Are you both still LDS members? 
What are both of your's living arrangement?
Finally the school your (something ?) wanted to attend two years ago a baking school?


----------



## IOBits (Apr 30, 2013)

JohnA said:


> I've just read your past posts.
> 
> Please clarify: are you legally divorced ?
> If so, for how long, what was the custody set at the time of divorce, what child support and spousal support are you providing ?
> ...


Divorce is not finalized. That's the process we're both trying to push through now. We've been physically separated for a year and a half. I've been making "personally estimated" support payments so that she has money to live on while we figured out how to work through the arrangements. Those payments have been way more than any calculation I could find recently, though, but generally to support her budget without impacting mine to the extent possible.

We are both still members, though she works most Sundays and doesn't get to attend church.

I am living at my mother's house and she still in the rental that we lived in for years prior.
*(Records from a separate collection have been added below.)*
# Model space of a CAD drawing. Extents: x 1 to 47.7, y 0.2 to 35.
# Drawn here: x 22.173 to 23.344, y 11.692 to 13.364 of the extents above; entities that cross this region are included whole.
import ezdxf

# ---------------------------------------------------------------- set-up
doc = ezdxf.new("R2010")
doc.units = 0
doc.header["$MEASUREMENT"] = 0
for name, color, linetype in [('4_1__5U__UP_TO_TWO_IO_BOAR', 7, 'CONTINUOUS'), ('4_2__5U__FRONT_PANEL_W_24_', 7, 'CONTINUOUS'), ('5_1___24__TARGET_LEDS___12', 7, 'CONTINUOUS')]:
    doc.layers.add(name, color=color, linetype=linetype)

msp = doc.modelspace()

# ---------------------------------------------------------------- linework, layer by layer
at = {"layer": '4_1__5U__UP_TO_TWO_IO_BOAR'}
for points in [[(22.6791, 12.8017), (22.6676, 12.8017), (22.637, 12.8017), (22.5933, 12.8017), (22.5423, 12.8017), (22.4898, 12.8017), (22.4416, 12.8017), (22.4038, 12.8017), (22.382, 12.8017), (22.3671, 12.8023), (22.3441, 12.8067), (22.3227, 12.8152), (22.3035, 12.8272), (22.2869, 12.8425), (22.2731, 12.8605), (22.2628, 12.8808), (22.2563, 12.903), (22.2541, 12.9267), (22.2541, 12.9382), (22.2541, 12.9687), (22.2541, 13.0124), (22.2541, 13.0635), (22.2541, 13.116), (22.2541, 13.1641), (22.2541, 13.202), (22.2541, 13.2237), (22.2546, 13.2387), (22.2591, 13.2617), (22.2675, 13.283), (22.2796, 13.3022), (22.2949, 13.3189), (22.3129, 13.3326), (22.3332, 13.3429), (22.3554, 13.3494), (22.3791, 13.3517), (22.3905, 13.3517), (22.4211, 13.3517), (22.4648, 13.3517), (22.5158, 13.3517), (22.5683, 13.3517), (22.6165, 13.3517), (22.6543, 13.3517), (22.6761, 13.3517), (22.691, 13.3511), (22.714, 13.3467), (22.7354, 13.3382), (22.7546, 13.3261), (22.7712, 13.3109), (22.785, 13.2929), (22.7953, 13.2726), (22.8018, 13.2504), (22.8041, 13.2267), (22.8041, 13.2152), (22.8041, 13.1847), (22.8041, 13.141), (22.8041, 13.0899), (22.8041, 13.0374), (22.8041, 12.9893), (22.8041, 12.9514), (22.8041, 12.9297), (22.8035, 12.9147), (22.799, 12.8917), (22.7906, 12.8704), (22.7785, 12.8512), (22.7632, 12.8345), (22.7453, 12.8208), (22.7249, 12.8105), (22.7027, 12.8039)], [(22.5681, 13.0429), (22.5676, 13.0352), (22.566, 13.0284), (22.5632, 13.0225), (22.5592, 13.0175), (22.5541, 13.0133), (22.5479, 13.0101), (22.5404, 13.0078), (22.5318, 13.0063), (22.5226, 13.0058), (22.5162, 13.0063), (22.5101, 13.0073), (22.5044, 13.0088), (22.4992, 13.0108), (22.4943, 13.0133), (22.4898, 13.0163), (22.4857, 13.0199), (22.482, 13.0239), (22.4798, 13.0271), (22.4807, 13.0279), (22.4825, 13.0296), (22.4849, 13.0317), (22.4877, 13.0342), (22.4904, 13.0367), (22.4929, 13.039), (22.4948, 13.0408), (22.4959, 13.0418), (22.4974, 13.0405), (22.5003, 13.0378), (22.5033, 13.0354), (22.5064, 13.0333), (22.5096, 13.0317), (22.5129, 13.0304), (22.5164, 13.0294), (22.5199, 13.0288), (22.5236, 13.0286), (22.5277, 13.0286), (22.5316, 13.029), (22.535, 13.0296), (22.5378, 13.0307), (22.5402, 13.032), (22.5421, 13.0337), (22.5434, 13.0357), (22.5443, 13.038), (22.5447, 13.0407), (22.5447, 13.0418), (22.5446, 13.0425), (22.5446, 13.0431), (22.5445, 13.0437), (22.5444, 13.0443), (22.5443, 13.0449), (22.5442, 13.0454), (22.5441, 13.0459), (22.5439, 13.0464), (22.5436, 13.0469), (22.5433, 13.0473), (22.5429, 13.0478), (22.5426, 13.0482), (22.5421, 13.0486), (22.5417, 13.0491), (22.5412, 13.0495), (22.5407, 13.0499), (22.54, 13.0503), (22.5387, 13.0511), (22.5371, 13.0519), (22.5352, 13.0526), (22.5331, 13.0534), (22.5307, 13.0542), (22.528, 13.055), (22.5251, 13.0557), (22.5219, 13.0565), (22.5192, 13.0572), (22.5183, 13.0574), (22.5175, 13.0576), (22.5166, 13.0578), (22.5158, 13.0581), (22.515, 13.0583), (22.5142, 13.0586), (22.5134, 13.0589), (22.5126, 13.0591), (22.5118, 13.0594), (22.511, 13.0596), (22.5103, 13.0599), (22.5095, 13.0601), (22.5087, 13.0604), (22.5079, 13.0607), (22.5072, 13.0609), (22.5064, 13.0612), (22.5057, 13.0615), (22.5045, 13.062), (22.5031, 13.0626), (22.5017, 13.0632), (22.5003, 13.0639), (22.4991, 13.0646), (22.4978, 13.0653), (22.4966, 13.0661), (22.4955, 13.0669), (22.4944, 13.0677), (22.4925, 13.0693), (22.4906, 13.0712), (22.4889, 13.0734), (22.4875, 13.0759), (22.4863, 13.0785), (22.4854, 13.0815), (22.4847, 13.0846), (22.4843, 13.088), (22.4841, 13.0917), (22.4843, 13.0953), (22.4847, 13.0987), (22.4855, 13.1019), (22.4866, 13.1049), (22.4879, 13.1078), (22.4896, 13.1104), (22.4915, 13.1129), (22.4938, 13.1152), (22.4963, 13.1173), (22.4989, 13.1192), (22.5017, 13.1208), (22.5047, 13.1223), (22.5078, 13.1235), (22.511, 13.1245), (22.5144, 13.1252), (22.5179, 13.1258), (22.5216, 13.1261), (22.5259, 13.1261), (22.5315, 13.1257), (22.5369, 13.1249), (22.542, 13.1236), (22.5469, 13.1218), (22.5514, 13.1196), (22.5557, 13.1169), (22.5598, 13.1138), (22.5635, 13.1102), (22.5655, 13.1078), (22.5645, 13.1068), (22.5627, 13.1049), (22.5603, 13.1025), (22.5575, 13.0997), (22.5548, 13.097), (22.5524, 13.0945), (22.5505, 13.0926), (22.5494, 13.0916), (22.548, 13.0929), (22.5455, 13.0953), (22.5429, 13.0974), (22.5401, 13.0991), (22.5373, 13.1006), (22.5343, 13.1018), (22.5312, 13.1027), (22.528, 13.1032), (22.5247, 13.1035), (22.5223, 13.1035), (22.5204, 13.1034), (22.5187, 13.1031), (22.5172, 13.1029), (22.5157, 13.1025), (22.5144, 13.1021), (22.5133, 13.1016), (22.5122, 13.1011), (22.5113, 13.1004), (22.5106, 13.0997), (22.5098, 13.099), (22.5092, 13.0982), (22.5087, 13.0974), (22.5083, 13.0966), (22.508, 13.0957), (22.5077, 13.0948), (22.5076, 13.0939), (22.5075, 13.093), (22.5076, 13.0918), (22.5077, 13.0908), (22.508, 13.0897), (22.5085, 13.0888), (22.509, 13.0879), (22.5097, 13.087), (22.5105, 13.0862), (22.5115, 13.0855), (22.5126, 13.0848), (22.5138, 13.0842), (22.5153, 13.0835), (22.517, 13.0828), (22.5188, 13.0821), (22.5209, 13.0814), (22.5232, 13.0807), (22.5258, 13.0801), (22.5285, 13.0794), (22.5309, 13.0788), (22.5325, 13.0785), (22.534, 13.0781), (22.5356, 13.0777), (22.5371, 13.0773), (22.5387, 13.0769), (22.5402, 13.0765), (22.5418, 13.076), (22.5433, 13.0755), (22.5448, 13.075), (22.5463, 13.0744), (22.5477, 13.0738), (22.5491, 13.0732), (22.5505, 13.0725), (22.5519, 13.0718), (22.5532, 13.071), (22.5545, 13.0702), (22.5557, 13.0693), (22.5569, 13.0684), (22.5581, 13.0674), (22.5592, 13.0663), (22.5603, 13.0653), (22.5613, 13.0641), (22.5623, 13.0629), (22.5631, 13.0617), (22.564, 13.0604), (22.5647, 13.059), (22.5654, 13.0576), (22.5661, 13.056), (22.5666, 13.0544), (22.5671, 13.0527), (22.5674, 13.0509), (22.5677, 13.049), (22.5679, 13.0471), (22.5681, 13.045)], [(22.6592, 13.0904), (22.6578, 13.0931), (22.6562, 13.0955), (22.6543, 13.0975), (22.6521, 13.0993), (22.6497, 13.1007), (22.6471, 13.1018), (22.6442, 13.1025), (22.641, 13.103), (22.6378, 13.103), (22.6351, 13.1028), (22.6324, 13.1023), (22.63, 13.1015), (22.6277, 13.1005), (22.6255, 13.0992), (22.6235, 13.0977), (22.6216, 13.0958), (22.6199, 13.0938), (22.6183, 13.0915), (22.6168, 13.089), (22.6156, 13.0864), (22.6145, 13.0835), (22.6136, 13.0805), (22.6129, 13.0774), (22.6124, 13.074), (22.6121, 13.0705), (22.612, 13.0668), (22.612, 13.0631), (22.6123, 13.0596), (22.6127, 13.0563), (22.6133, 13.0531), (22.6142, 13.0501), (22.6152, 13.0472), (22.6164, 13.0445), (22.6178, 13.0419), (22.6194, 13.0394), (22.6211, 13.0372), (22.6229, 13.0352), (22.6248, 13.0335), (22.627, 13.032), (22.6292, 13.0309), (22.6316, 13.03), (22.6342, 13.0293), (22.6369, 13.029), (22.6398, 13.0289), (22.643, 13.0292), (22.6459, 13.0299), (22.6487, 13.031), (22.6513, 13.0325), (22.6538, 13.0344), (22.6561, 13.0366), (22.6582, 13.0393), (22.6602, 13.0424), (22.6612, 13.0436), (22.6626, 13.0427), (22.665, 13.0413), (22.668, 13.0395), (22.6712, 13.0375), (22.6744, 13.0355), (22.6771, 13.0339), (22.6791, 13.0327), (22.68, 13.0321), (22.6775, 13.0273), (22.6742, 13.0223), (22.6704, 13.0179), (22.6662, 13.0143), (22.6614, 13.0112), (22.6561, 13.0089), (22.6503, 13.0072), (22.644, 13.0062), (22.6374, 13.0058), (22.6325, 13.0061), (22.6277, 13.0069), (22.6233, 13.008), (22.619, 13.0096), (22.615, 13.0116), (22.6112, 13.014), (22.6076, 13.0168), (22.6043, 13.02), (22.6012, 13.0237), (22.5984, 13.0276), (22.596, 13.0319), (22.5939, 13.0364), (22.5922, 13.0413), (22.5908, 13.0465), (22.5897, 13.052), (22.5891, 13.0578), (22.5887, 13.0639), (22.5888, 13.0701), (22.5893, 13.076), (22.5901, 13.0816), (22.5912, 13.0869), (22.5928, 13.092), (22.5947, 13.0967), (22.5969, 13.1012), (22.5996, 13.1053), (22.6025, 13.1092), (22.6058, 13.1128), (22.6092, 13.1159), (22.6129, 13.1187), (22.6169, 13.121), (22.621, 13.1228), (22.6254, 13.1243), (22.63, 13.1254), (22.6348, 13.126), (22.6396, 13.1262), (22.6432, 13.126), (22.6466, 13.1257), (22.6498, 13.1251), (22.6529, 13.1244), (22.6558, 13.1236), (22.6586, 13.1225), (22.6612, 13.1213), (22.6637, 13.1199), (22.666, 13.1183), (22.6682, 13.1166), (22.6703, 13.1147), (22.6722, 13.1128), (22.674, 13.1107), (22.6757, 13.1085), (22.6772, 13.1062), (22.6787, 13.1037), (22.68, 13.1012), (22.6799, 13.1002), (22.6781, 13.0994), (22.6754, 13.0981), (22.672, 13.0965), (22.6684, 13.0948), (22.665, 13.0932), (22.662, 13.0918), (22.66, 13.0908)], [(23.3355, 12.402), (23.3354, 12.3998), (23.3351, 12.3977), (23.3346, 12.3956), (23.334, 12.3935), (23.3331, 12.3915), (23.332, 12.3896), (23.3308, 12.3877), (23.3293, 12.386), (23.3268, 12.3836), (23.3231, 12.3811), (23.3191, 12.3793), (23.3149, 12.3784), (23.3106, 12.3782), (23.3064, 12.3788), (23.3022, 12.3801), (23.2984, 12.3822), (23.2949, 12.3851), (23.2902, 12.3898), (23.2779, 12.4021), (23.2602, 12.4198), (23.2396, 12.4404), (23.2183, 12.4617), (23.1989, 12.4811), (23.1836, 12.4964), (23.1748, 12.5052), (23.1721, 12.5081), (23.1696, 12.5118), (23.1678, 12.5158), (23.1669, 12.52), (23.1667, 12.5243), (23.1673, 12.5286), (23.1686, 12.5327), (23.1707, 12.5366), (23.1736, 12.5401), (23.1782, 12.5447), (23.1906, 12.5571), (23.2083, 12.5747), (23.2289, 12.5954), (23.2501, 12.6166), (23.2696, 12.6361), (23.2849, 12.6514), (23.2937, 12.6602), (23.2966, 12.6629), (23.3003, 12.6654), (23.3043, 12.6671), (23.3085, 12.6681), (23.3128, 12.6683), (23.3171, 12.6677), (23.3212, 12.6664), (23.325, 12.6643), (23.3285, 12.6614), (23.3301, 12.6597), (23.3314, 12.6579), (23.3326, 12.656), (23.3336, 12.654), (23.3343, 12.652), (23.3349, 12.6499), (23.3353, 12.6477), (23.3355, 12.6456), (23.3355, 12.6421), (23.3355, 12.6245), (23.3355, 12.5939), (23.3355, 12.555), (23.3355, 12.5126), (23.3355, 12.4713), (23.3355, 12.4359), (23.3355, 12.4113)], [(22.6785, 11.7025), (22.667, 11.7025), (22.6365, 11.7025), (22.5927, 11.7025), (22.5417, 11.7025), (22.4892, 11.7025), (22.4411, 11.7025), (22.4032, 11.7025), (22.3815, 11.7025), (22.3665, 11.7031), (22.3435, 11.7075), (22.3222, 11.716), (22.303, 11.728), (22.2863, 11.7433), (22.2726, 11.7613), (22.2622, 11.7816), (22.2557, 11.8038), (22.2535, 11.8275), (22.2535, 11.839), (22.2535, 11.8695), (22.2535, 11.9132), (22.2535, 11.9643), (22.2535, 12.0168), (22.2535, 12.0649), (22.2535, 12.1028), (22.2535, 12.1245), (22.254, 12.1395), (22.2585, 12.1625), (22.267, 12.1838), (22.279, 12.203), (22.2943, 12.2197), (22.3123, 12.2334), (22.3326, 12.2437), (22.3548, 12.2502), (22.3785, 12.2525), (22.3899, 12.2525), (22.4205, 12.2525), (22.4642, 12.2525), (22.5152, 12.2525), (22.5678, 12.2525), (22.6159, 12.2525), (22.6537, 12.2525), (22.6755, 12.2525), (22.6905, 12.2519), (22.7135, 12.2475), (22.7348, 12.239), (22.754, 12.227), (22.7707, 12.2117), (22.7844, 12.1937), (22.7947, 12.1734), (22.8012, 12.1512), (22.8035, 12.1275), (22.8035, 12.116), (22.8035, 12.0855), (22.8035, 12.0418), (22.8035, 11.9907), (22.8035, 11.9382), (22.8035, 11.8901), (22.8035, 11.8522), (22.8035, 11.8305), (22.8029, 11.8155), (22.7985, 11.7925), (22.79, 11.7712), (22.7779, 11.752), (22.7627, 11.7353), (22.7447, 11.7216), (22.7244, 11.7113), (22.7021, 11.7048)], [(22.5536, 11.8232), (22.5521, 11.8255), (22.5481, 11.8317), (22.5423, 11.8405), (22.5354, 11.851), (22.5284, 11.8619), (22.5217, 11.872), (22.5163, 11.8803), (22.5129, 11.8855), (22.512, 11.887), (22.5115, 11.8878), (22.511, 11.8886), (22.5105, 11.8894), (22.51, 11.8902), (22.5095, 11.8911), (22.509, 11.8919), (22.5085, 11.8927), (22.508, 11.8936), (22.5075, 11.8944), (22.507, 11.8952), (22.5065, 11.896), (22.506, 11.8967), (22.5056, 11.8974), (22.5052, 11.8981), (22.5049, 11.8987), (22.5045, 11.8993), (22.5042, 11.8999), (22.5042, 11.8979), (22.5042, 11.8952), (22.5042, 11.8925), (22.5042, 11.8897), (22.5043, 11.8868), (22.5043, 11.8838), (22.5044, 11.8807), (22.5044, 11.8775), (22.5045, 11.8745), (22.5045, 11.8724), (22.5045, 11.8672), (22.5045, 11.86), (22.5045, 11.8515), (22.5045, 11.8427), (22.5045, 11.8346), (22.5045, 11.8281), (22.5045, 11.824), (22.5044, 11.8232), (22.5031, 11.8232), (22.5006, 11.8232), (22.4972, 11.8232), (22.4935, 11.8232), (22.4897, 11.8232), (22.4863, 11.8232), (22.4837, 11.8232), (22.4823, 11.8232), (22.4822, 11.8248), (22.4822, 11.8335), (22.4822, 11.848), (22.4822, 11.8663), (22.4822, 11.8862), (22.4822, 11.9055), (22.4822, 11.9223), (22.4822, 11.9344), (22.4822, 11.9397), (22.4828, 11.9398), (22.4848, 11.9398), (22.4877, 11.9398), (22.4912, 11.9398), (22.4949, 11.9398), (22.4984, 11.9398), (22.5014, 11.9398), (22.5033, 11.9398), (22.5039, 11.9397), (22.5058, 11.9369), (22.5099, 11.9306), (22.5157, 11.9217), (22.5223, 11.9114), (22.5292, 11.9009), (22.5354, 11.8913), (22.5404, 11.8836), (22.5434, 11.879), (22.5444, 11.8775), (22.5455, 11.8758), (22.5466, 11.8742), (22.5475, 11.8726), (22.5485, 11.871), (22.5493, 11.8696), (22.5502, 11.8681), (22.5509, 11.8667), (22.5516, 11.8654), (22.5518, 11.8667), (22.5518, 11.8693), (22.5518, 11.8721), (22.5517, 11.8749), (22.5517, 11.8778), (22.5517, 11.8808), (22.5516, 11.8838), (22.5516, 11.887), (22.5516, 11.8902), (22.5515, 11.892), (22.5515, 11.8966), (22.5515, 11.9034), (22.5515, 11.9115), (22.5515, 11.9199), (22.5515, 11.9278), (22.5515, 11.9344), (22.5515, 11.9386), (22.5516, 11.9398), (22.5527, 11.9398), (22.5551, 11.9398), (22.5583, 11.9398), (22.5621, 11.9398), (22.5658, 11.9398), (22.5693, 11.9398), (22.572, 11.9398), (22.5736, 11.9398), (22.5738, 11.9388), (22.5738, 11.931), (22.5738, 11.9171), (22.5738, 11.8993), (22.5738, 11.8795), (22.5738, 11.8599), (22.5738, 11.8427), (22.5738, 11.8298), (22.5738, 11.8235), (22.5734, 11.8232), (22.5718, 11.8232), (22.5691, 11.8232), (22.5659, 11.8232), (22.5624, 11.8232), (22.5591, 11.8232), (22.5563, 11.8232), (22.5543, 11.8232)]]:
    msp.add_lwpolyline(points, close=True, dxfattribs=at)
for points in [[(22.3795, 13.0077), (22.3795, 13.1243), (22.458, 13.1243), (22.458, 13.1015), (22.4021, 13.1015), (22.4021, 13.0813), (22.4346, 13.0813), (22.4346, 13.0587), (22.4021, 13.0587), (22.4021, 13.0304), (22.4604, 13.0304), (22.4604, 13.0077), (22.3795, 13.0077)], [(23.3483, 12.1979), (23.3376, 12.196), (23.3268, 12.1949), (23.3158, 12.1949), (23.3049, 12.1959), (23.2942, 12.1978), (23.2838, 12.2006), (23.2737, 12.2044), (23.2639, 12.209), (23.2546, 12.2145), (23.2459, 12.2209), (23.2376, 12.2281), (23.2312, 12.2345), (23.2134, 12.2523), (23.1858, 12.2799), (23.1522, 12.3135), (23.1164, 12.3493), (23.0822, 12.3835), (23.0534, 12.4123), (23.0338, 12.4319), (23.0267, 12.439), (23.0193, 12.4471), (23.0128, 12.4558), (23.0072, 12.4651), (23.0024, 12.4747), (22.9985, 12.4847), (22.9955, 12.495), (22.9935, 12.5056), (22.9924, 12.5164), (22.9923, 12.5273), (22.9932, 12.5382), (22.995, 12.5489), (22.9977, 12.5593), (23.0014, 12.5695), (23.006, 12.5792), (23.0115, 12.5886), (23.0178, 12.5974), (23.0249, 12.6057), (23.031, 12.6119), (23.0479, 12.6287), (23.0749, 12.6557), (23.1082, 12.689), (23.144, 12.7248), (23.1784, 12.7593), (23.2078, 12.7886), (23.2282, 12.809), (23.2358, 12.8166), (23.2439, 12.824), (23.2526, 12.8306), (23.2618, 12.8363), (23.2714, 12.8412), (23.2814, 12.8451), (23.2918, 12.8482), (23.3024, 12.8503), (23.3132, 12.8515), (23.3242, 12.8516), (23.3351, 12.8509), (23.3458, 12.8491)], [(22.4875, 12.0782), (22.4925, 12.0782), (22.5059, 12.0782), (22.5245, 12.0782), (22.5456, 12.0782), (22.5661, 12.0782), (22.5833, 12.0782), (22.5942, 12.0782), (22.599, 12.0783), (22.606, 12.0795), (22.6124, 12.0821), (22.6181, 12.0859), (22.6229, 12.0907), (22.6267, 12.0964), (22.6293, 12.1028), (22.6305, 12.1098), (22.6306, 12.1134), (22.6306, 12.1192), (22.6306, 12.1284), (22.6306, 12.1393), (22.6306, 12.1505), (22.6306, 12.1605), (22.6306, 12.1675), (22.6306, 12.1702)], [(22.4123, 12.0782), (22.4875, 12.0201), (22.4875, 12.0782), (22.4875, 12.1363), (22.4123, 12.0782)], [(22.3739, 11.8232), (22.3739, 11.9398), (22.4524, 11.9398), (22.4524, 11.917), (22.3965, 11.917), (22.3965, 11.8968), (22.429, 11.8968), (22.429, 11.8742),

The school that she has been attending is a high end baking school. Last summer she started working full time in addition to the part time schooling. That is when the bulk of the parenting landed on me (and my mother who has been helping).
@Pluto2 - I'm the dad in this case. I have a normal 9-5 M-F job. I get the kids to school most days and then head off to work.
@All - I'm realizing the large custody in my favor with generous visitation is likely best. What does that mean for transitions and stuff like that?


----------



## phillybeffandswiss (Jan 20, 2013)

Okay, do you have a lawyer or is this you two on your own? Custody makes everything ugly so, be prepared for trouble if you go for sole custody. Still, even as the father, stability is very important to judges.

Clarify what you mean by transitions.


----------



## JohnA (Jun 24, 2015)

Why the hell did you move out and not her? Are other men in the house ? Let you stay in the house, she picks up the kids and splits when you get home.


----------



## JohnA (Jun 24, 2015)

Get a lawyer with a spine. Tell him you want full custody, she pays you child support, no alimony, discuss what you have to do to get it and then walk away. Do not talk to your WW about it, just refer her to your lawyer.

You are up to 6 (?) years dealing with this. Enough !!!!


----------



## Pluto2 (Aug 17, 2011)

@IOBits, a thousand apologies for my assumption. I know a baker and its a guy.

File the papers in court to request full custody due to Mom's change in profession and erratic work hours. If there is a custody agreement this would certainly qualify as a substantial change of condition. These changes were hers, so drop-off/visitation should be what works best for you and the kids. Or at least I'd start off with that mindset and negotiate.

And what is this about 6 years?!


----------



## JohnA (Jun 24, 2015)

He had two threads from 2013. His wife has been adulterous with several men going back 8 years now. Hence my question about posm(s) in the house with his kids. 

This site seems to have a good overview of custody laws in CA.
Child Custody Laws California - California Child Custody Laws, California Child Custody Lawyers Attorneys

What are your church leaders doing to help you protect your sons ?


----------



## Popcorn2015 (Sep 10, 2015)

JohnA said:


> What are your church leaders doing to help you protect your sons ?


Great question.


----------



## DanielleBennett (Oct 9, 2015)

Geez, maybe the judge needs to redo the visitation schedule. You shouldn't have to go around those crazy work times, especially if you have a job of your own at other hours. I would seek some legal counsel for this and see if you can get a new visitation or custody agreement.


----------